Ok, maybe this example will prove why it's not happening correctly:

program Const_Vs_Var;

Const
   A_const = Integer(8427);
   B_const = Byte(33);
   C_const = Single(1440.5);
   Win_Calc = 16854.045817424505380076362374176;
   Const_Ans = 16854.045817424505380076362374176 / (8427 + 33 / 1440.5);
Var
   A_Var : Integer;
   B_Var : Byte;
   C_Var : Single;
   Const_Ans1, Var_Ans1 : Extended;

Begin
   A_Var := A_Const;
   B_Var := B_Const;
   C_Var := C_Const;

   Var_Ans1   := Win_Calc / (A_Var+B_Var/C_Var);
   Const_Ans1 := Win_Calc / (A_Const+B_Const/C_Const);

   WRITELN ( '  Const_Ans = ',  Const_Ans:20:20);
   WRITELN ( ' Const_Ans1 = ', Const_Ans1:20:20);
   WRITELN ( '   Var_Ans1 = ',   Var_Ans1:20:20);
End.

The result is:
  Const_Ans = 2.00000010627116630224
 Const_Ans1 = 2.00000010627116630224
   Var_Ans1 = 2.00000000000000000000



Now you can see, if the math was done the same as the way math is done for
variables, we could have stored the constants as Byte(2).   But because the
math is being carried out after the reduction in precision we are left with
storing this as extended. 

If the result of all the math can be reduced, or if there is no math, then
it's great to reduce precision, but if the reduction in precision happens
before the math, you can end up with the opposite of what you intended.
Sure the compiler is working with faster math, but who cares what the
compiler has to do, now we're going to be stuck with a program using
extended(2.00000010627116630224) for any calculations that use Const_Ans
instead of byte(2);  if Const_Ans is used in some kind of iterative process,
it the program could be using this extended millions of times when it could
have been using a byte.

Notice when I do the EXACT same math with variables, it DOES give me a
result of 2, and THAT can be reduced.

If the answer after all the math can be reduced, it should be reduced, if it
can't be, then it should not be.

Math with constants should be the same as math with variables.

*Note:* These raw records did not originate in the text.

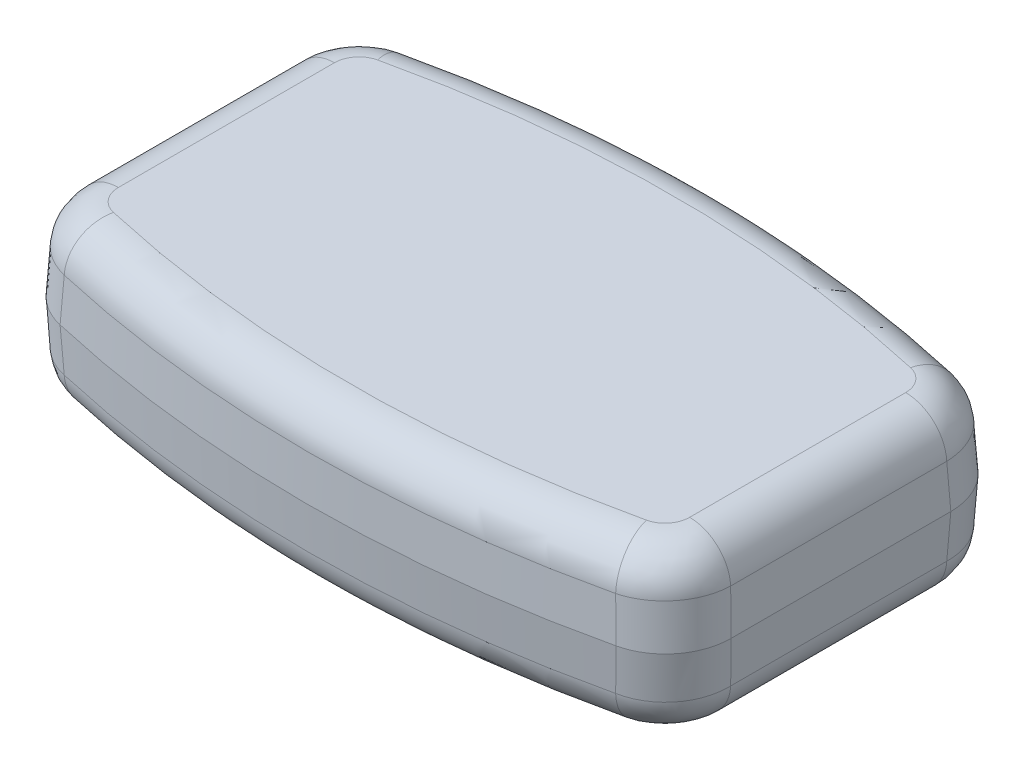
from build123d import *

# Parameters (mm, degrees)
BOSS_EXTRUDE1_DEPTH           = 10
BOSS_EXTRUDE1_TAPER           = 3
BOSS_EXTRUDE1_OTHER_WAY_DEPTH = 10
BOSS_EXTRUDE1_OTHER_WAY_TAPER = 3
FILLET1_R                     = 8
FILLET2_R                     = 5


with BuildPart() as part:
    # Sketch2 → Boss-Extrude1 (new body)
    with BuildSketch(Plane(origin=(0, 0, 0), x_dir=(1, 0, 0), z_dir=(0, 1, 0))):
        with BuildLine():
            ThreePointArc((40, 19.568322948), (20.183552336, 23.635877954), (2.99e-07, 25))
            ThreePointArc((2.99e-07, 25), (-20.183552039, 23.635877994), (-40, 19.568322948))
            Line((-40, 19.568322948), (-40, -19.568322948))
            ThreePointArc((-40, -19.568322948), (-20.183552538, -23.635877926), (-7.08e-07, -25))
            ThreePointArc((-7.08e-07, -25), (20.183551836, -23.635878022), (40, -19.568322948))
            Line((40, -19.568322948), (40, 19.568322948))
        make_face()
    extrude(amount=BOSS_EXTRUDE1_DEPTH, taper=BOSS_EXTRUDE1_TAPER)

    # Sketch2 → Boss-Extrude1 other way (add)
    with BuildSketch(Plane(origin=(0, 0, 0), x_dir=(1, 0, 0), z_dir=(0, 1, 0))):
        with BuildLine():
            ThreePointArc((40, 19.568322948), (20.183552336, 23.635877954), (2.99e-07, 25))
            ThreePointArc((2.99e-07, 25), (-20.183552039, 23.635877994), (-40, 19.568322948))
            Line((-40, 19.568322948), (-40, -19.568322948))
            ThreePointArc((-40, -19.568322948), (-20.183552538, -23.635877926), (-7.08e-07, -25))
            ThreePointArc((-7.08e-07, -25), (20.183551836, -23.635878022), (40, -19.568322948))
            Line((40, -19.568322948), (40, 19.568322948))
        make_face()
    extrude(amount=-BOSS_EXTRUDE1_OTHER_WAY_DEPTH, taper=BOSS_EXTRUDE1_OTHER_WAY_TAPER)

    # Fillet1
    fillet1_edges = [part.edges().sort_by_distance(p)[0] for p in [
        (-39.737961104, 5, 19.368665505),
        (39.737961104, 5, 19.368665505),
        (39.737961104, 5, -19.368665505),
        (-39.737961104, 5, -19.368665505),
        (-39.737961104, -5, 19.368665505),
        (-39.737961104, -5, -19.368665505),
        (39.737961104, -5, -19.368665505),
        (39.737961104, -5, 19.368665505),
    ]]
    fillet(fillet1_edges, radius=FILLET1_R)

    # Fillet2
    fillet2_edges = [part.edges().sort_by_distance(p)[0] for p in [
        (-37.733680638, -10, -17.92036042),
        (-39.475922207, -10, 0),
        (-37.733680638, -10, 17.92036042),
        (16.737652644, -10, 23.535862012),
        (37.733680638, -10, 17.92036042),
        (39.475922207, -10, 0),
        (37.733680638, -10, -17.92036042),
        (-37.733680638, 10, 17.92036042),
        (-39.475922207, 10, 0),
        (-37.733680638, 10, -17.92036042),
        (-16.737652847, 10, -23.535861989),
        (37.733680638, 10, -17.92036042),
        (39.475922207, 10, 0),
        (37.733680638, 10, 17.92036042),
        (-16.737652847, -10, -23.535861989),
        (16.737652644, 10, 23.535862012),
    ]]
    fillet(fillet2_edges, radius=FILLET2_R)


solid = part.part

I'm trying to show there doesn't need to be a trade off at all, the math
with constants just needs to be done correctly... as in the exact same way
math with variables is done.

What has happened is the math with constants was written and tested with the
assumption that all constants would be full precision, because it was
impossible for constants to be anything other than full precision, but now
that is no longer the case and the math with constants isn't working
correctly anymore.  Either the math needs to happen before the reduction in
precision or the math needs to be fixed so it works the same as math with
variables, either way there won't need to be a trade off and everything will
work the way everyone wants it to.. performance when possible and precision
when needed.

James